Tujuannya adalah untuk “menyediakan solusi pinjaman bisnis secara lebih efisien bagi usaha kecil di AS, sambil mengurangi ketergantungan pada pihak ketiga,” tulis PayPal dalam pernyataan.

“Mendapatkan modal tetap menjadi hambatan signifikan bagi usaha kecil yang berusaha tumbuh dan berkembang,” kata CEO Alex Chriss dalam pernyataan tersebut.

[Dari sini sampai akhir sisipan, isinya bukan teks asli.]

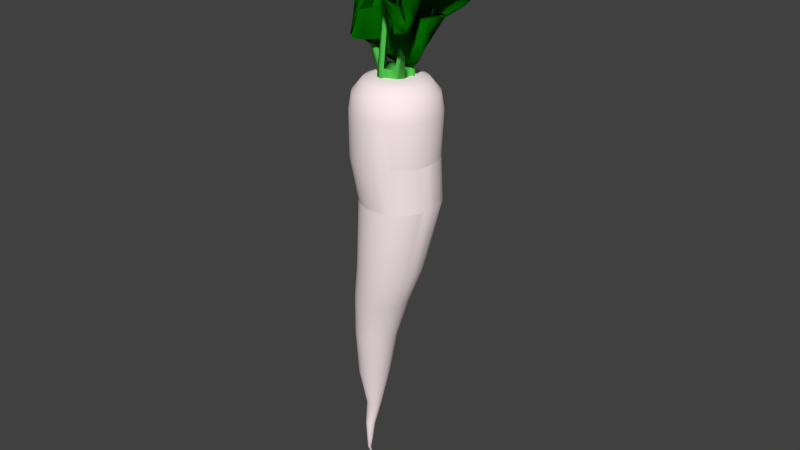 # Source: radish.blend  (saved by Blender 2.71.0; exported with 4.5.12 LTS)
import bpy
from mathutils import Matrix  # noqa: F401  (used for matrix-valued properties, if any)

bpy.ops.wm.read_factory_settings(use_empty=True)
scene = bpy.context.scene
scene.name = 'Scene'

# ---- collections
col_collection_1 = bpy.data.collections.new('Collection 1'); scene.collection.children.link(col_collection_1)

# ---- materials (node trees are filled in below, after node groups)
mat_material_003 = bpy.data.materials.new('Material.003')
mat_material_003.alpha_threshold = 0.0
mat_material_003.use_transparent_shadow = False
mat_material_003.diffuse_color = (0.08408, 0.5277, 0.07748, 1.0)
mat_material_003.roughness = 0.5
mat_material_003.line_color = (0.0, 0.0, 0.0, 1.0)
mat_radish_white = bpy.data.materials.new('radish_white')
mat_radish_white.alpha_threshold = 0.0
mat_radish_white.use_transparent_shadow = False
mat_radish_white.diffuse_color = (1.0, 0.8523, 0.8791, 1.0)
mat_radish_white.roughness = 0.5
mat_radish_white.specular_intensity = 0.0
mat_radish_white.line_color = (0.0, 0.0, 0.0, 1.0)
mat_radish_green = bpy.data.materials.new('radish_green')
mat_radish_green.alpha_threshold = 0.0
mat_radish_green.use_transparent_shadow = False
mat_radish_green.diffuse_color = (0.003784, 0.2462, 0.0, 1.0)
mat_radish_green.roughness = 0.5
mat_radish_green.specular_intensity = 0.0
mat_radish_green.line_color = (0.0, 0.0, 0.0, 1.0)

# ---- material node trees

# ---- world
world_world = bpy.data.worlds.new('World'); scene.world = world_world
world_world.color = (0.05088, 0.05088, 0.05088)
world_world.use_sun_shadow = False
world_world.sun_shadow_jitter_overblur = 0.0
world_world.cycles.sampling_method = 'MANUAL'
world_world.cycles.sample_map_resolution = 256

# ---- meshes
me_cylinder_001 = bpy.data.meshes.new('Cylinder.001')
me_cylinder_001.from_pydata([(0.2904, 1.418, -1.094), (0.0, 1.0, 0.7786), (0.5878, 0.809, -1.0), (0.5878, 0.809, 0.7786), (0.9511, 0.309, -1.0), (0.9511, 0.309, 0.7786), (0.9511, -0.309, -1.0), (0.9511, -0.309, 0.7786), (0.5878, -0.809, -1.0), (0.5878, -0.809, 0.7786), (-8.742e-08, -1.0, -1.0), (-0.159, -1.047, 0.7786), (-0.5878, -0.809, -1.0), (-0.4867, -0.9404, 0.7786), (-0.9511, -0.309, -1.0), (-0.9511, -0.309, 0.7786), (-0.9511, 0.309, -1.0), (-0.9511, 0.309, 0.7786), (-0.2974, 1.227, -1.094), (-0.5878, 0.809, 0.7786), (-2.553, -0.4142, 3.938), (-2.336, -0.4142, 3.995), (-2.553, -0.2761, 3.938), (-2.336, -0.2761, 3.995), (-0.07851, 2.0, 4.683), (-0.3689, 1.332, 4.761), (-0.3069, 2.06, 4.644), (-0.5972, 1.392, 4.722), (-0.896, 1.866, 7.819), (-0.896, 1.616, 7.804), (-1.124, 1.927, 7.781), (-1.124, 1.677, 7.765), (-2.823, -0.9302, 7.81), (-2.605, -0.9302, 7.867), (-2.823, -0.7921, 7.81), (-2.605, -0.7921, 7.867), (0.7968, 0.9609, -1.0), (0.7968, 0.9609, 1.0), (1.16, 0.4609, -1.0), (1.16, 0.4609, 1.0), (1.239, 0.8305, 1.933), (1.411, 0.5939, 1.933), (1.338, 0.9024, 1.933), (1.51, 0.6658, 1.933), (2.075, 1.9, 6.407), (2.246, 1.663, 6.407), (2.173, 1.972, 6.407), (2.345, 1.735, 6.407), (1.125, -0.4532, 3.25), (0.7333, -0.2895, 3.19), (1.076, -0.5757, 3.24), (0.6837, -0.4121, 3.18), (3.634, -1.938, 7.445), (3.242, -1.774, 7.385), (3.585, -2.06, 7.435), (3.193, -1.897, 7.375), (-0.1308, -1.403, -1.0), (-0.2319, -1.271, 1.0), (-0.7186, -1.212, -1.0), (-0.5596, -1.165, 1.0), (0.5253, -1.114, 7.16), (0.3002, -1.041, 7.16), (0.4752, -1.268, 7.16), (0.2501, -1.195, 7.16), (2.353, 1.497, 8.385), (2.525, 1.261, 8.385), (2.452, 1.569, 8.385), (2.624, 1.332, 8.385)], [], [(0, 1, 3, 2), (5, 4, 38, 39), (4, 5, 7, 6), (9, 8, 50, 51), (8, 9, 11, 10), (13, 12, 58, 59), (12, 13, 15, 14), (17, 16, 22, 23), (3, 1, 19, 17, 15, 13, 11, 9, 7, 5), (19, 1, 25, 27), (16, 17, 19, 18), (0, 2, 4, 6, 8, 10, 12, 14, 16, 18), (23, 22, 34, 35), (15, 17, 23, 21), (16, 14, 20, 22), (14, 15, 21, 20), (27, 25, 29, 31), (0, 18, 26, 24), (18, 19, 27, 26), (1, 0, 24, 25), (30, 31, 29, 28), (24, 26, 30, 28), (26, 27, 31, 30), (25, 24, 28, 29), (32, 33, 35, 34), (21, 23, 35, 33), (22, 20, 32, 34), (20, 21, 33, 32), (36, 37, 39, 38), (37, 3, 40, 42), (4, 2, 36, 38), (2, 3, 37, 36), (42, 40, 44, 46), (5, 39, 43, 41), (39, 37, 42, 43), (3, 5, 41, 40), (46, 44, 64, 66), (41, 43, 47, 45), (43, 42, 46, 47), (40, 41, 45, 44), (51, 50, 54, 55), (7, 9, 51, 49), (8, 6, 48, 50), (6, 7, 49, 48), (52, 53, 55, 54), (49, 51, 55, 53), (50, 48, 52, 54), (48, 49, 53, 52), (56, 57, 59, 58), (57, 11, 60, 62), (12, 10, 56, 58), (10, 11, 57, 56), (60, 61, 63, 62), (13, 59, 63, 61), (59, 57, 62, 63), (11, 13, 61, 60), (64, 65, 67, 66), (45, 47, 67, 65), (47, 46, 66, 67), (44, 45, 65, 64)])
me_cylinder_001.polygons.foreach_set('use_smooth', [True] * 60)
me_cylinder_001.materials.append(mat_material_003)
me_cylinder_001.use_remesh_preserve_volume = False
me_cylinder_001.use_remesh_preserve_attributes = False
me_cylinder_001.use_mirror_vertex_groups = False
me_cylinder_001.update()
me_cylinder = bpy.data.meshes.new('Cylinder')
me_cylinder.from_pydata([(0.006304, 0.9544, -0.01822), (0.0, 1.0, 1.0), (0.1367, 0.9453, -0.01822), (0.1392, 0.9903, 1.0), (0.2646, 0.9181, -0.01822), (0.2756, 0.9613, 1.0), (0.3874, 0.8734, -0.01822), (0.4067, 0.9135, 1.0), (0.5029, 0.812, -0.01822), (0.5299, 0.848, 1.0), (0.6086, 0.7352, -0.01822), (0.6428, 0.766, 1.0), (0.7027, 0.6443, -0.01822), (0.7431, 0.6691, 1.0), (0.7832, 0.5413, -0.01822), (0.829, 0.5592, 1.0), (0.8485, 0.4281, -0.01822), (0.8988, 0.4384, 1.0), (0.8975, 0.3069, -0.01822), (0.9511, 0.309, 1.0), (0.9291, 0.18, -0.01822), (0.9848, 0.1736, 1.0), (0.9428, 0.05002, -0.01822), (0.9994, 0.0349, 1.0), (0.9382, -0.08063, -0.01822), (0.9945, -0.1045, 1.0), (0.9155, -0.2094, -0.01822), (0.9703, -0.2419, 1.0), (0.8751, -0.3337, -0.01822), (0.9272, -0.3746, 1.0), (0.8178, -0.4512, -0.01822), (0.866, -0.5, 1.0), (0.7447, -0.5596, -0.01822), (0.788, -0.6157, 1.0), (0.6572, -0.6567, -0.01822), (0.6947, -0.7193, 1.0), (0.5571, -0.7408, -0.01822), (0.5878, -0.809, 1.0), (0.4462, -0.8101, -0.01822), (0.4695, -0.8829, 1.0), (0.342, -0.9397, -0.01822), (0.342, -0.9397, 1.0), (0.2079, -0.9781, -0.01822), (0.2079, -0.9781, 1.0), (0.06976, -0.9976, -0.01822), (0.06976, -0.9976, 1.0), (-0.06976, -0.9976, -0.01822), (-0.06976, -0.9976, 1.0), (-0.2079, -0.9781, -0.01822), (-0.2079, -0.9781, 1.0), (-0.342, -0.9397, -0.01822), (-0.342, -0.9397, 1.0), (-0.4695, -0.8829, -0.01822), (-0.4695, -0.8829, 1.0), (-0.5878, -0.809, -0.01822), (-0.5878, -0.809, 1.0), (-0.6947, -0.7193, -0.01822), (-0.6947, -0.7193, 1.0), (-0.788, -0.6157, -0.01822), (-0.788, -0.6157, 1.0), (-0.866, -0.5, -0.01822), (-0.866, -0.5, 1.0), (-0.8625, -0.3337, -0.01822), (-0.9272, -0.3746, 1.0), (-0.9029, -0.2094, -0.01822), (-0.9703, -0.2419, 1.0), (-0.9256, -0.08063, -0.01822), (-0.9945, -0.1045, 1.0), (-0.9302, 0.05002, -0.01822), (-0.9994, 0.0349, 1.0), (-0.9165, 0.18, -0.01822), (-0.9848, 0.1736, 1.0), (-0.8849, 0.3069, -0.01822), (-0.9511, 0.309, 1.0), (-0.8359, 0.4281, -0.01822), (-0.8988, 0.4384, 1.0), (-0.7706, 0.5413, -0.01822), (-0.829, 0.5592, 1.0), (-0.6901, 0.6443, -0.01822), (-0.7431, 0.6691, 1.0), (-0.596, 0.7352, -0.01822), (-0.6428, 0.766, 1.0), (-0.4903, 0.812, -0.01822), (-0.5299, 0.848, 1.0), (-0.3748, 0.8734, -0.01822), (-0.4067, 0.9135, 1.0), (-0.252, 0.9181, -0.01822), (-0.2756, 0.9613, 1.0), (-0.1241, 0.9453, -0.01822), (-0.1392, 0.9903, 1.0), (1.901e-08, 0.9345, 1.383), (0.1301, 0.9254, 1.383), (0.2576, 0.8983, 1.383), (0.3801, 0.8537, 1.383), (0.4952, 0.7925, 1.383), (0.6007, 0.7159, 1.383), (0.6945, 0.6253, 1.383), (0.7747, 0.5226, 1.383), (0.8399, 0.4096, 1.383), (0.8887, 0.2888, 1.383), (0.9203, 0.1623, 1.383), (0.9339, 0.03261, 1.383), (0.9294, -0.09768, 1.383), (0.9067, -0.2261, 1.383), (0.8664, -0.3501, 1.383), (0.8093, -0.4672, 1.383), (0.7364, -0.5753, 1.383), (0.6491, -0.6722, 1.383), (0.5493, -0.756, 1.383), (0.4387, -0.8251, 1.383), (0.3196, -0.8781, 1.383), (0.1943, -0.9141, 1.383), (0.06519, -0.9322, 1.383), (-0.06519, -0.9322, 1.383), (-0.1943, -0.9141, 1.383), (-0.3196, -0.8781, 1.383), (-0.4387, -0.8251, 1.383), (-0.5493, -0.756, 1.383), (-0.6491, -0.6722, 1.383), (-0.7364, -0.5753, 1.383), (-0.8093, -0.4672, 1.383), (-0.8664, -0.3501, 1.383), (-0.9067, -0.2261, 1.383), (-0.9294, -0.09768, 1.383), (-0.9339, 0.03261, 1.383), (-0.9203, 0.1623, 1.383), (-0.8887, 0.2888, 1.383), (-0.8399, 0.4096, 1.383), (-0.7747, 0.5226, 1.383), (-0.6945, 0.6253, 1.383), (-0.6007, 0.7159, 1.383), (-0.4952, 0.7925, 1.383), (-0.3801, 0.8537, 1.383), (-0.2576, 0.8983, 1.383), (-0.1301, 0.9254, 1.383), (1.283e-07, 0.7239, 1.649), (0.1007, 0.7168, 1.649), (0.1995, 0.6958, 1.649), (0.2944, 0.6613, 1.649), (0.3836, 0.6139, 1.649), (0.4653, 0.5545, 1.649), (0.5379, 0.4844, 1.649), (0.6001, 0.4048, 1.649), (0.6506, 0.3173, 1.649), (0.6884, 0.2237, 1.649), (0.7129, 0.1257, 1.649), (0.7234, 0.02526, 1.649), (0.7199, -0.07566, 1.649), (0.7024, -0.1751, 1.649), (0.6711, -0.2712, 1.649), (0.6269, -0.3619, 1.649), (0.5704, -0.4457, 1.649), (0.5028, -0.5207, 1.649), (0.4255, -0.5856, 1.649), (0.3398, -0.6391, 1.649), (0.2476, -0.6802, 1.649), (0.1505, -0.708, 1.649), (0.05049, -0.7221, 1.649), (-0.05049, -0.7221, 1.649), (-0.1505, -0.708, 1.649), (-0.2476, -0.6802, 1.649), (-0.3398, -0.6391, 1.649), (-0.4255, -0.5856, 1.649), (-0.5028, -0.5207, 1.649), (-0.5704, -0.4457, 1.649), (-0.6269, -0.3619, 1.649), (-0.6711, -0.2712, 1.649), (-0.7024, -0.1751, 1.649), (-0.7199, -0.07566, 1.649), (-0.7234, 0.02526, 1.649), (-0.7129, 0.1257, 1.649), (-0.6884, 0.2237, 1.649), (-0.6506, 0.3173, 1.649), (-0.6001, 0.4048, 1.649), (-0.5379, 0.4844, 1.649), (-0.4653, 0.5545, 1.649), (-0.3836, 0.6139, 1.649), (-0.2944, 0.6613, 1.649), (-0.1995, 0.6958, 1.649), (-0.1007, 0.7168, 1.649), (2.173e-07, 0.4805, 1.745), (0.06688, 0.4759, 1.745), (0.1325, 0.4619, 1.745), (0.1955, 0.439, 1.745), (0.2547, 0.4075, 1.745), (0.3089, 0.3681, 1.745), (0.3571, 0.3215, 1.745), (0.3984, 0.2687, 1.745), (0.4319, 0.2107, 1.745), (0.457, 0.1485, 1.745), (0.4732, 0.08345, 1.745), (0.4803, 0.01677, 1.745), (0.4779, -0.05023, 1.745), (0.4663, -0.1163, 1.745), (0.4456, -0.18, 1.745), (0.4162, -0.2403, 1.745), (0.3787, -0.2959, 1.745), (0.3338, -0.3457, 1.745), (0.2825, -0.3888, 1.745), (0.2256, -0.4243, 1.745), (0.1644, -0.4516, 1.745), (0.09991, -0.47, 1.745), (0.03352, -0.4794, 1.745), (-0.03352, -0.4794, 1.745), (-0.09991, -0.47, 1.745), (-0.1644, -0.4516, 1.745), (-0.2256, -0.4243, 1.745), (-0.2825, -0.3888, 1.745), (-0.3338, -0.3457, 1.745), (-0.3787, -0.2959, 1.745), (-0.4162, -0.2403, 1.745), (-0.4456, -0.18, 1.745), (-0.4663, -0.1163, 1.745), (-0.4779, -0.05023, 1.745), (-0.4803, 0.01677, 1.745), (-0.4732, 0.08345, 1.745), (-0.457, 0.1485, 1.745), (-0.4319, 0.2107, 1.745), (-0.3984, 0.2687, 1.745), (-0.3571, 0.3215, 1.745), (-0.3089, 0.3681, 1.745), (-0.2547, 0.4075, 1.745), (-0.1955, 0.439, 1.745), (-0.1325, 0.4619, 1.745), (-0.06688, 0.4759, 1.745), (0.05085, 0.964, -1.025), (0.1845, 0.9547, -1.025), (0.3155, 0.9268, -1.025), (0.4414, 0.881, -1.025), (0.5597, 0.8181, -1.025), (0.668, 0.7394, -1.025), (0.7644, 0.6463, -1.025), (0.8469, 0.5408, -1.025), (0.9139, 0.4247, -1.025), (0.964, 0.3005, -1.025), (0.9964, 0.1706, -1.025), (1.01, 0.03734, -1.025), (1.006, -0.09653, -1.025), (0.9414, -0.1702, -1.046), (0.9025, -0.2901, -1.046), (0.8472, -0.4034, -1.046), (0.7767, -0.5079, -1.046), (0.6924, -0.6016, -1.046), (0.5958, -0.6826, -1.046), (0.4889, -0.7494, -1.046), (0.3737, -0.8007, -1.046), (0.2525, -0.8355, -1.046), (0.1277, -0.853, -1.046), (0.001592, -0.853, -1.046), (-0.1233, -0.8355, -1.046), (-0.2444, -0.8007, -1.046), (-0.3596, -0.7494, -1.046), (-0.4665, -0.6826, -1.046), (-0.5631, -0.6016, -1.046), (-0.6475, -0.5079, -1.046), (-0.718, -0.4034, -1.046), (-0.7732, -0.2901, -1.046), (-0.8122, -0.1702, -1.046), (-0.8341, -0.04602, -1.046), (-0.8385, 0.07997, -1.046), (-0.8253, 0.2054, -1.046), (-0.7948, 0.3277, -1.046), (-0.7476, 0.4446, -1.046), (-0.6845, 0.5538, -1.046), (-0.6069, 0.6531, -1.046), (-0.5162, 0.7407, -1.046), (-0.4142, 0.8148, -1.046), (-0.3029, 0.874, -1.046), (-0.2138, 0.9268, -1.025), (-0.08278, 0.9547, -1.025), (-0.06531, 0.6221, -2.642), (0.03878, 0.6149, -2.642), (0.1408, 0.5932, -2.642), (0.2389, 0.5575, -2.642), (0.331, 0.5085, -2.642), (0.4154, 0.4472, -2.642), (0.4905, 0.3747, -2.642), (0.5547, 0.2925, -2.642), (0.6069, 0.2021, -2.642), (0.646, 0.1053, -2.642), (0.6712, 0.004099, -2.642), (0.6821, -0.09967, -2.642), (0.6785, -0.204, -2.642), (0.6604, -0.3067, -2.642), (0.6281, -0.4059, -2.642), (0.5824, -0.4997, -2.642), (0.524, -0.5862, -2.642), (0.4542, -0.6638, -2.642), (0.3743, -0.7308, -2.642), (0.2858, -0.7861, -2.642), (0.1905, -0.8286, -2.642), (0.09019, -0.8573, -2.642), (-0.01314, -0.8719, -2.642), (-0.1175, -0.8719, -2.642), (-0.2208, -0.8573, -2.642), (-0.3211, -0.8286, -2.642), (-0.4164, -0.7861, -2.642), (-0.5049, -0.7308, -2.642), (-0.5849, -0.6638, -2.642), (-0.6547, -0.5862, -2.642), (-0.713, -0.4997, -2.642), (-0.7588, -0.4059, -2.642), (-0.791, -0.3067, -2.642), (-0.8091, -0.204, -2.642), (-0.8128, -0.09967, -2.642), (-0.8019, 0.004099, -2.642), (-0.7766, 0.1053, -2.642), (-0.7375, 0.2021, -2.642), (-0.6854, 0.2925, -2.642), (-0.6211, 0.3747, -2.642), (-0.5461, 0.4472, -2.642), (-0.4616, 0.5085, -2.642), (-0.3695, 0.5575, -2.642), (-0.2715, 0.5932, -2.642), (-0.1694, 0.6149, -2.642), (-0.3149, 0.5136, -3.554), (-0.2271, 0.5075, -3.554), (-0.141, 0.4892, -3.554), (-0.05827, 0.4591, -3.554), (0.01945, 0.4178, -3.554), (0.09067, 0.366, -3.554), (0.154, 0.3049, -3.554), (0.2082, 0.2355, -3.554), (0.2522, 0.1593, -3.554), (0.2852, 0.07766, -3.554), (0.3065, -0.007753, -3.554), (0.3157, -0.0953, -3.554), (0.3126, -0.1833, -3.554), (0.2973, -0.27, -3.554), (0.2701, -0.3537, -3.554), (0.2315, -0.4328, -3.554), (0.1823, -0.5058, -3.554), (0.1234, -0.5712, -3.554), (0.05596, -0.6278, -3.554), (-0.01869, -0.6744, -3.554), (-0.0991, -0.7102, -3.554), (-0.1837, -0.7345, -3.554), (-0.2709, -0.7467, -3.554), (-0.3589, -0.7467, -3.554), (-0.4461, -0.7345, -3.554), (-0.5307, -0.7102, -3.554), (-0.6111, -0.6744, -3.554), (-0.6858, -0.6278, -3.554), (-0.7532, -0.5712, -3.554), (-0.8121, -0.5058, -3.554), (-0.8613, -0.4328, -3.554), (-0.8999, -0.3537, -3.554), (-0.9271, -0.27, -3.554), (-0.9424, -0.1833, -3.554), (-0.9455, -0.0953, -3.554), (-0.9363, -0.007753, -3.554), (-0.915, 0.07766, -3.554), (-0.882, 0.1593, -3.554), (-0.838, 0.2355, -3.554), (-0.7838, 0.3049, -3.554), (-0.7205, 0.366, -3.554), (-0.6493, 0.4178, -3.554), (-0.5715, 0.4591, -3.554), (-0.4888, 0.4892, -3.554), (-0.4027, 0.5075, -3.554), (-0.5051, 0.3781, -4.557), (-0.4362, 0.3732, -4.557), (-0.3685, 0.3589, -4.557), (-0.3036, 0.3352, -4.557), (-0.2426, 0.3028, -4.557), (-0.1867, 0.2622, -4.557), (-0.137, 0.2142, -4.557), (-0.0944, 0.1597, -4.557), (-0.05984, 0.09985, -4.557), (-0.03395, 0.03576, -4.557), (-0.01723, -0.0313, -4.557), (-0.01001, -0.1, -4.557), (-0.01242, -0.1691, -4.557), (-0.02442, -0.2372, -4.557), (-0.04578, -0.3029, -4.557), (-0.07608, -0.365, -4.557), (-0.1147, -0.4223, -4.557), (-0.161, -0.4737, -4.557), (-0.2139, -0.5181, -4.557), (-0.2725, -0.5547, -4.557), (-0.3357, -0.5828, -4.557), (-0.4021, -0.6019, -4.557), (-0.4705, -0.6115, -4.557), (-0.5397, -0.6115, -4.557), (-0.6081, -0.6019, -4.557), (-0.6745, -0.5828, -4.557), (-0.7377, -0.5547, -4.557), (-0.7963, -0.5181, -4.557), (-0.8492, -0.4737, -4.557), (-0.8955, -0.4223, -4.557), (-0.9341, -0.365, -4.557), (-0.9644, -0.3029, -4.557), (-0.9858, -0.2372, -4.557), (-0.9978, -0.1691, -4.557), (-1.0, -0.1, -4.557), (-0.993, -0.03129, -4.557), (-0.9762, 0.03577, -4.557), (-0.9503, 0.09985, -4.557), (-0.9158, 0.1597, -4.557), (-0.8732, 0.2142, -4.557), (-0.8235, 0.2622, -4.557), (-0.7676, 0.3028, -4.557), (-0.7066, 0.3352, -4.557), (-0.6416, 0.3589, -4.557), (-0.574, 0.3732, -4.557), (-0.6042, 0.2643, -5.731), (-0.5532, 0.2608, -5.731), (-0.5031, 0.2501, -5.731), (-0.455, 0.2326, -5.731), (-0.4098, 0.2086, -5.731), (-0.3684, 0.1785, -5.731), (-0.3316, 0.1429, -5.731), (-0.3001, 0.1026, -5.731), (-0.2745, 0.05827, -5.731), (-0.2553, 0.01081, -5.731), (-0.2429, -0.03886, -5.731), (-0.2376, -0.08977, -5.731), (-0.2393, -0.1409, -5.731), (-0.2482, -0.1913, -5.731), (-0.264, -0.24, -5.731), (-0.2865, -0.286, -5.731), (-0.3151, -0.3285, -5.731), (-0.3494, -0.3665, -5.731), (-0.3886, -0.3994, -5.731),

Decrypt telah menghubungi FDIC, Departemen Lembaga Keuangan Utah, dan PayPal untuk informasi tambahan mengenai permohonan tersebut, namun belum menerima tanggapan.

Baca Juga: PYUSD PayPal Melonjak 224%, Jadi Stablecoin Terbesar Keenam di Dunia

Langkah PayPal dalam bidang kripto berfokus pada integrasi aset digital ke dalam aliran pembayaran yang diatur, dimulai dengan pembelian dan penjualan kripto oleh konsumen, diikuti oleh penerimaan merchant, konversi checkout, dan peluncuran serta perluasan stablecoin PYUSD-nya untuk pembayaran dan penyelesaian dalam jaringan pembayaran yang sudah ada.

Upaya PayPal “merefleksikan tren yang lebih luas di kalangan fintech yang mencari kendali langsung atas infrastruktur keuangan yang diatur untuk menyediakan pengalaman keuangan yang lebih sederhana dan terhubung,” kata Jonathan Inglis, CEO firma riset konsumen berfokus kripto Protocol Theory, kepada Decrypt.

“Hampir setengah dari orang dewasa di seluruh dunia mengatakan bahwa seharusnya lebih mudah untuk memindahkan dan mengelola dana antara aset digital dan layanan keuangan tradisional, yang meningkatkan tekanan pada platform untuk terintegrasi lebih erat,” catat Inglis.

Meskipun infrastruktur yang lebih baik dapat “mempercepat integrasi,” hal itu juga berisiko “mendefinisikan kripto secara utama melalui model kustodian dan berizin daripada sistem terbuka yang dimiliki pengguna,” kata Inglis.

Di kalangan konsumen, 43% lebih cenderung berinteraksi dengan aset digital “jika aksesnya lebih mudah,” kata Inglis, mengutip data mereka.

“Tantangan jangka panjang adalah memastikan kenyamanan ini tidak mengorbankan self-custody dan jaringan terbuka,” tambah Inglis.

“Konsumen kemungkinan besar mengharapkan kripto dan stablecoin terasa aman dan mudah digunakan seperti uang sehari-hari,” katanya. “Risikonya adalah familiaritas menjadi disamakan dengan sentralisasi, padahal nilai asli kripto terletak pada memberikan pengguna kendali sejati, bukan sekadar antarmuka yang lebih baik.”

Selama beberapa tahun terakhir, PayPal telah fokus mengintegrasikan kripto dan stablecoin langsung ke dalam infrastruktur pembayaran dan penyelesaian transaksinya, bukan memperlakukan aset digital sebagai produk terpisah.

Perusahaan ini mengimplementasikan inisiatif tersebut melalui serangkaian perluasan bertahap di bidang pembayaran, penerimaan merchant, dan penyelesaian on-chain. Perusahaan memungkinkan merchant untuk menerima cryptocurrency seperti Bitcoin dan Ethereum saat checkout, mengintegrasikan aset digital ke dalam sistem pembayaran merchant. Transaksi dikonversi di titik penjualan, memungkinkan merchant menerima fiat.